EXTRACTED DATA:
○ ○ ○ ○

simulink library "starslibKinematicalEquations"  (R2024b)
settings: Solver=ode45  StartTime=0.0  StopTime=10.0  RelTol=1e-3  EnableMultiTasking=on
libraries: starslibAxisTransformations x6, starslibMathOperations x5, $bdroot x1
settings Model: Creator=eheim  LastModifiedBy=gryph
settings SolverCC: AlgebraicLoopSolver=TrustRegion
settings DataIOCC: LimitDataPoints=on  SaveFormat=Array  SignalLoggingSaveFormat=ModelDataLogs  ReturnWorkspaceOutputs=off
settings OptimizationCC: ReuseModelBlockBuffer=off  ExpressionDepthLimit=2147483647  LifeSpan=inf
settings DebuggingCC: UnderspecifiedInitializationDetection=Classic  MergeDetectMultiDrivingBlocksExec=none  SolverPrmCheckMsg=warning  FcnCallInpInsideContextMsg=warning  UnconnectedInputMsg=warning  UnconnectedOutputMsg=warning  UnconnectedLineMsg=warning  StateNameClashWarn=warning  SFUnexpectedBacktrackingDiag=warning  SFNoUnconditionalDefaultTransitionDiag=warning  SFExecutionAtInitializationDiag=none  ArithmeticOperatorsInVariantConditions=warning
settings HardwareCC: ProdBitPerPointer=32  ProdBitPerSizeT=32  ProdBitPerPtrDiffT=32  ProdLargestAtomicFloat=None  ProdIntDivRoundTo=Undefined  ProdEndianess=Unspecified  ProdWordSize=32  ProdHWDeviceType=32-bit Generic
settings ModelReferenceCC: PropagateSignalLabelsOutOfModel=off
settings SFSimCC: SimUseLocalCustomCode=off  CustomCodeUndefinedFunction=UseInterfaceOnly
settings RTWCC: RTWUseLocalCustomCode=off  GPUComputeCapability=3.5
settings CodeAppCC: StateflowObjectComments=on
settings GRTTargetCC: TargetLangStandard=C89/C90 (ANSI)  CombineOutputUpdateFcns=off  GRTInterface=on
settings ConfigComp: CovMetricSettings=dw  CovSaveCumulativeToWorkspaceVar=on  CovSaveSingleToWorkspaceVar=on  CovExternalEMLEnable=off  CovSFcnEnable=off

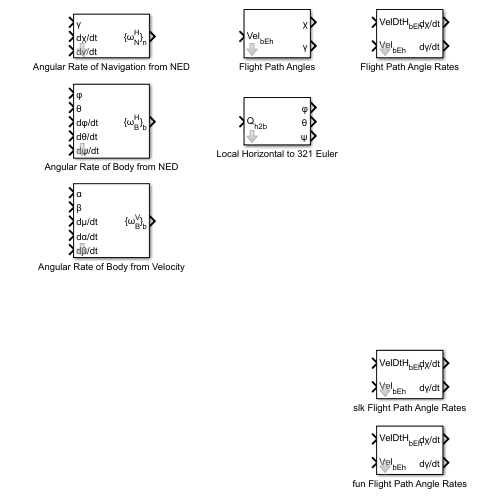
[thumbnail: Simulink's stored preview of the top-level diagram]
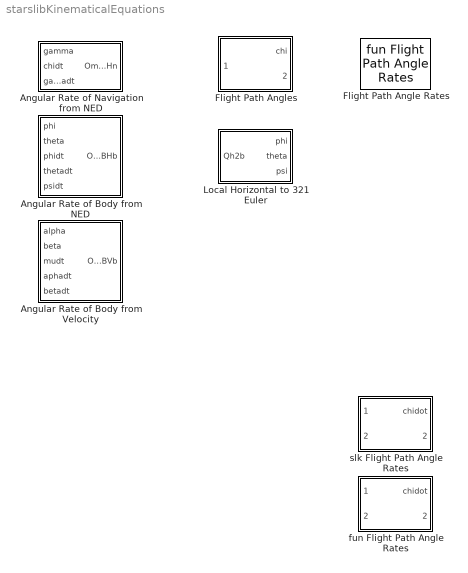
== system starslibKinematicalEquations ==
  Angular Rate of Body from NED : Subsystem  mask(Angular Rate of Body from NED){}
      mask help: Given 3-2-1 Euler angles in radians and their angular rates this block computes the angular rate of the body frame relative to the angular rate of the NED frame in radians persecond and expressed in body coordinates.
      mask Display:
      | port_label('input' ,1,'\phi','texmode','on')
      | port_label('input' ,2,'\theta','texmode','on')
      | port_label('input' ,3,'d\phi/dt','texmode','on')
      | port_label('input' ,4,'d\theta/dt','texmode','on')
      | port_label('input' ,5,'d\psi/dt','texmode','on')
      | port_label('output',1,'\{\omega_B^H\}_b','texmode','on')
  Angular Rate of Body from Velocity : Subsystem  mask(Angular Rate of Body from Velocity){}
      mask help: Given mu, beta, alpha in radians and their angular rates this block computes the angular rate of the body frame relative to the angular rate of the velocity frame in radians per second and expressed in body coordinates.
      mask Display:
      | port_label('input' ,1,'\alpha','texmode','on')
      | port_label('input' ,2,'\beta','texmode','on')
      | port_label('input' ,3,'d\mu/dt','texmode','on')
      | port_label('input' ,4,'d\alpha/dt','texmode','on')
      | port_label('input' ,5,'d\beta/dt','texmode','on')
      | port_label('output',1,'\{\omega_B^V\}_b','texmode','on')
  Angular Rate of Navigation from NED : Subsystem  mask(Angular Rate of Navigation from NED){}
      mask help: Given flight path angle and ground track angles in radians and their angular rates this block computes the angular rate of the navigation frame relative to the angular rate of the NED frame in radians persecond and expressed in navigation coordinates.
      mask Display:
      | port_label('input' ,1,'\gamma','texmode','on')
      | port_label('input' ,2,'d\chi/dt','texmode','on')
      | port_label('input' ,3,'d\gamma/dt','texmode','on')
      | port_label('output',1,'\{\omega_N^H\}_n','texmode','on')
  Flight Path Angle Rates : $bdroot/fun Flight Path Angle Rates
  Flight Path Angles : Subsystem  mask(Flight Path Angles){}
      mask help: Computes flight path angle, gamma and ground track angle, chi. Inputs must be in the local North East Down (NED) coordinate system and relative to the rotating world.
      mask Display:
      | port_label('input' ,1,'Vel_{bEh}','texmode','on')
      | port_label('output',1,'\chi','texmode','on')
      | port_label('output',2,'\gamma','texmode','on')
  Local Horizontal to 321 Euler : Subsystem  mask(Local Horizontal to Body Quaternion to 321 Eular Angles){}
      mask help: Converts local vertical local horizontal to body axes quaternion to 3-2-1 Euler bank, attitude and heading angles.
      mask Display:
      | port_label('input',1,'Q_{h2b}','texmode','on')
      | port_label('output',1,'\phi','texmode','on')
      | port_label('output',2,'\theta','texmode','on')
      | port_label('output',3,'\psi','texmode','on')
  fun Flight Path Angle Rates : Subsystem  mask(Flight Path Angle Rates){}
      mask help: Computes time rate of change of flight path angle gamma and ground track angle chi. Inputs must be in the local North East Down (NED) coordinate system and relative to the rotating world. Note acceleration of the NED frame must subtract the angular rate of NED frame (relative to the rotating world) cross the velocity of the NED frame relative to the rotating world, i.e. AccelE_h - Omegah_h x VelE_h.
      mask Display:
      | port_label('input' ,1,'VelDtH_{bEh}','texmode','on')
      | port_label('input' ,2,'Vel_{bEh}','texmode','on')
      | port_label('output',2,'d\gamma/dt','texmode','on')
      | port_label('output',1,'d\chi/dt','texmode','on')
  slk Flight Path Angle Rates : Subsystem  mask(Flight Path Angle Rates){}
      mask help: Computes time rate of change of flight path angle gamma and ground track angle chi. Inputs must be in the local North East Down (NED) coordinate system and relative to the rotating world. Note acceleration of the NED frame must subtract the angular rate of NED frame (relative to the rotating world) cross the velocity of the NED frame relative to the rotating world, i.e. AccelE_h - Omegah_h x VelE_h.
      mask Display:
      | port_label('input' ,1,'VelDtH_{bEh}','texmode','on')
      | port_label('input' ,2,'Vel_{bEh}','texmode','on')
      | port_label('output',2,'d\gamma/dt','texmode','on')
      | port_label('output',1,'d\chi/dt','texmode','on')

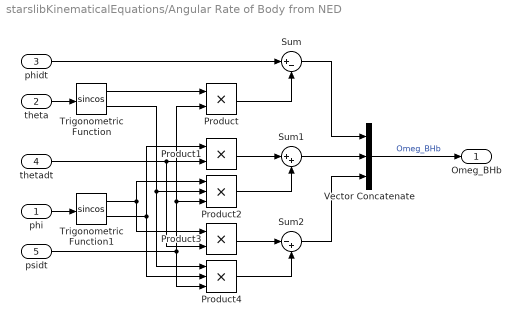
== system starslibKinematicalEquations/Angular Rate of Body from NED ==
  phi : Inport
  theta : Inport  Port=2
  phidt : Inport  Port=3
  thetadt : Inport  Port=4
  psidt : Inport  Port=5
  Product : Product  RndMeth=Zero
  Product1 : Product  RndMeth=Zero
  Product2 : Product  Inputs=3  RndMeth=Zero
  Product3 : Product  RndMeth=Zero
  Product4 : Product  Inputs=3  RndMeth=Zero
  Sum : Sum  Inputs=|+-
  Sum1 : Sum  Inputs=|++
  Sum2 : Sum  Inputs=|-+
  Trigonometric Function : Trigonometry  Operator=sincos
  Trigonometric Function1 : Trigonometry  Operator=sincos
  Vector Concatenate : Concatenate  NumInputs=3  Mode=Multidimensional array
  Omeg_BHb : Outport
  wires:
  Sum2/1 -> Vector Concatenate/3
  Sum1/1 -> Vector Concatenate/2
  Sum/1 -> Vector Concatenate/1
  Trigonometric Function1/1 -> Product3/1, Product2/1
  Trigonometric Function1/2 -> Product1/1, Product4/2
  Trigonometric Function/2 -> Product2/2, Product4/1
  thetadt/1 -> Product3/2, Product1/2
  psidt/1 -> Product/2, Product2/3, Product4/3
  phidt/1 -> Sum/1
  Product/1 -> Sum/2
  Trigonometric Function/1 -> Product/1
  Product4/1 -> Sum2/2
  Product3/1 -> Sum2/1
  Product2/1 -> Sum1/2
  Product1/1 -> Sum1/1
  phi/1 -> Trigonometric Function1/1
  theta/1 -> Trigonometric Function/1
  Vector Concatenate/1 -> Omeg_BHb/1  "Omeg_BHb"

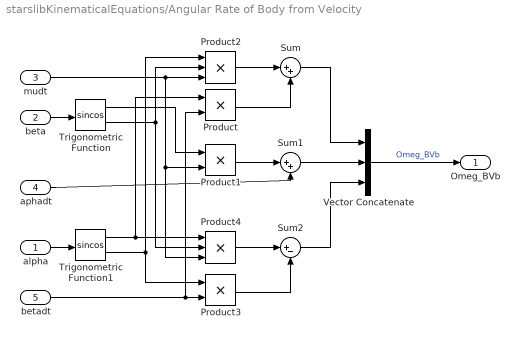
== system starslibKinematicalEquations/Angular Rate of Body from Velocity ==
  alpha : Inport
  beta : Inport  Port=2
  mudt : Inport  Port=3
  aphadt : Inport  Port=4
  betadt : Inport  Port=5
  Product : Product  RndMeth=Zero
  Product1 : Product  RndMeth=Zero
  Product2 : Product  Inputs=3  RndMeth=Zero
  Product3 : Product  RndMeth=Zero
  Product4 : Product  Inputs=3  RndMeth=Zero
  Sum : Sum  Inputs=|++
  Sum1 : Sum  Inputs=|++
  Sum2 : Sum  Inputs=|+-
  Trigonometric Function : Trigonometry  Operator=sincos
  Trigonometric Function1 : Trigonometry  Operator=sincos
  Vector Concatenate : Concatenate  NumInputs=3  Mode=Multidimensional array
  Omeg_BVb : Outport
  wires:
  Product3/1 -> Sum2/2
  betadt/1 -> Product3/2, Product/2
  Trigonometric Function1/2 -> Product3/1, Product2/1
  Trigonometric Function1/1 -> Product/1, Product4/1
  Trigonometric Function/2 -> Product4/2, Product2/2
  Product4/1 -> Sum2/1
  mudt/1 -> Product4/3, Product1/2, Product2/3
  Trigonometric Function/1 -> Product1/1
  aphadt/1 -> Sum1/2
  Product1/1 -> Sum1/1
  Product2/1 -> Sum/1
  Product/1 -> Sum/2
  Vector Concatenate/1 -> Omeg_BVb/1  "Omeg_BVb"
  beta/1 -> Trigonometric Function/1
  alpha/1 -> Trigonometric Function1/1
  Sum/1 -> Vector Concatenate/1
  Sum1/1 -> Vector Concatenate/2
  Sum2/1 -> Vector Concatenate/3

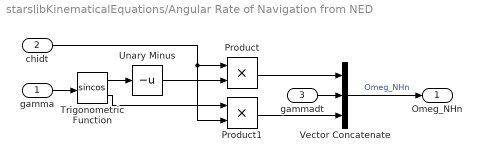
== system starslibKinematicalEquations/Angular Rate of Navigation from NED ==
  gamma : Inport
  chidt : Inport  Port=2
  gammadt : Inport  Port=3
  Product : Product  RndMeth=Zero
  Product1 : Product  RndMeth=Zero
  Trigonometric Function : Trigonometry  Operator=sincos
  Unary Minus : UnaryMinus
  Vector Concatenate : Concatenate  NumInputs=3  Mode=Multidimensional array
  Omeg_NHn : Outport
  wires:
  Trigonometric Function/1 -> Unary Minus/1
  Trigonometric Function/2 -> Product1/1
  Unary Minus/1 -> Product/2
  Product/1 -> Vector Concatenate/1
  Product1/1 -> Vector Concatenate/3
  chidt/1 -> Product/1, Product1/2
  gamma/1 -> Trigonometric Function/1
  gammadt/1 -> Vector Concatenate/2
  Vector Concatenate/1 -> Omeg_NHn/1  "Omeg_NHn"

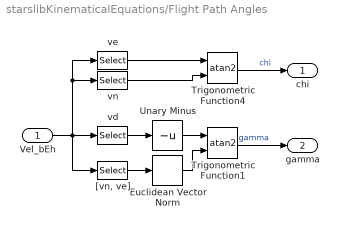
== system starslibKinematicalEquations/Flight Path Angles ==
  Vel_bEh : Inport
  Euclidean Vector Norm : starslibMathOperations/Euclidean Vector Norm  dim=1
  Trigonometric Function1 : Trigonometry  Operator=atan2  OutputSignalType=real
  Trigonometric Function4 : Trigonometry  Operator=atan2  OutputSignalType=real
  Unary Minus : UnaryMinus
  "[vn, ve]" : Selector  NumberOfDimensions=2  InputPortWidth=3  IndexOptions=Index vector (dialog),Select all  Indices=[1 2],1  OutputSizes=1,1
  vd : Selector  NumberOfDimensions=2  InputPortWidth=3  IndexOptions=Index vector (dialog),Select all  Indices=3,1  OutputSizes=1,1
  ve : Selector  NumberOfDimensions=2  InputPortWidth=3  IndexOptions=Index vector (dialog),Select all  Indices=2,1  OutputSizes=1,1
  vn : Selector  NumberOfDimensions=2  InputPortWidth=3  IndexOptions=Index vector (dialog),Select all  Indices=1,1  OutputSizes=1,1
  chi : Outport
  gamma : Outport  Port=2
  wires:
  Vel_bEh/1 -> vd/1, vn/1, ve/1, "[vn, ve]"/1
  vd/1 -> Unary Minus/1
  ve/1 -> Trigonometric Function4/1
  vn/1 -> Trigonometric Function4/2
  Trigonometric Function4/1 -> chi/1  "chi"
  Trigonometric Function1/1 -> gamma/1  "gamma"
  "[vn, ve]"/1 -> Euclidean Vector Norm/1
  Unary Minus/1 -> Trigonometric Function1/1
  Euclidean Vector Norm/1 -> Trigonometric Function1/2

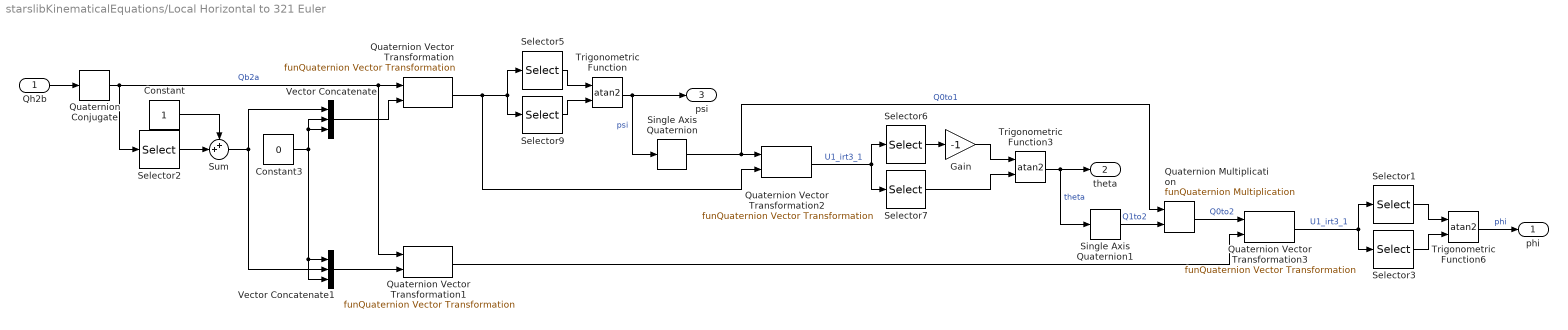
== system starslibKinematicalEquations/Local Horizontal to 321 Euler ==
  Qh2b : Inport
  Constant : Constant
  Constant3 : Constant  Value=0
  Gain : Gain  Gain=-1
  Quaternion Conjugate : starslibMathOperations/Quaternion Conjugate  n=0
  Quaternion Multiplication : starslibMathOperations/funQuaternion Multiplication  n=0
  Quaternion Vector Transformation{,1..3} (4 alike) : starslibAxisTransformations/funQuaternion Vector Transformation  n=0
  Selector1 : Selector  InputPortWidth=3  IndexOptions=Index vector (dialog)  Indices=3  OutputSizes=1
  Selector2 : Selector  InputPortWidth=4  IndexOptions=Index vector (dialog)  Indices=1  OutputSizes=1
  Selector3 : Selector  InputPortWidth=3  IndexOptions=Index vector (dialog)  Indices=2  OutputSizes=1
  Selector5 : Selector  InputPortWidth=3  IndexOptions=Index vector (dialog)  Indices=2  OutputSizes=1
  Selector6 : Selector  InputPortWidth=3  IndexOptions=Index vector (dialog)  Indices=3  OutputSizes=1
  Selector7 : Selector  InputPortWidth=3  IndexOptions=Index vector (dialog)  Indices=1  OutputSizes=1
  Selector9 : Selector  InputPortWidth=3  IndexOptions=Index vector (dialog)  Indices=1  OutputSizes=1
  Single Axis Quaternion : starslibAxisTransformations/Single Axis Quaternion  RotAxis=z  n=0
  Single Axis Quaternion1 : starslibAxisTransformations/Single Axis Quaternion  RotAxis=y  n=0
  Sum : Sum  Inputs=++|
  Trigonometric Function : Trigonometry  Operator=atan2
  Trigonometric Function3 : Trigonometry  Operator=atan2
  Trigonometric Function6 : Trigonometry  Operator=atan2
  Vector Concatenate : Concatenate  NumInputs=3  Mode=Multidimensional array
  Vector Concatenate1 : Concatenate  NumInputs=3  Mode=Multidimensional array
  phi : Outport
  theta : Outport  Port=2
  psi : Outport  Port=3
  wires:
  Quaternion Conjugate/1 -> Quaternion Vector Transformation/1, Quaternion Vector Transformation1/1, Selector2/1  "Qb2a"
  Quaternion Vector Transformation/1 -> Selector5/1, Selector9/1, Quaternion Vector Transformation2/2
  Trigonometric Function/1 -> psi/1, Single Axis Quaternion/1  "psi"
  Single Axis Quaternion/1 -> Quaternion Multiplication/1, Quaternion Vector Transformation2/1  "Q0to1"
  Quaternion Vector Transformation2/1 -> Selector6/1, Selector7/1  "U1_irt3_1"
  Quaternion Vector Transformation1/1 -> Quaternion Vector Transformation3/2
  Trigonometric Function3/1 -> theta/1, Single Axis Quaternion1/1  "theta"
  Single Axis Quaternion1/1 -> Quaternion Multiplication/2  "Q1to2"
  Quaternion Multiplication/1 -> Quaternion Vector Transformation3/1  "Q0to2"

○ ○ ○ ○

EXERCISE DESCRIPTION:
Report every line containing the word "Minus" from the listing above.

FINISHED EXERCISE:
  Unary Minus : UnaryMinus
  Trigonometric Function/1 -> Unary Minus/1
  Unary Minus/1 -> Product/2
  Unary Minus : UnaryMinus
  vd/1 -> Unary Minus/1
  Unary Minus/1 -> Trigonometric Function1/1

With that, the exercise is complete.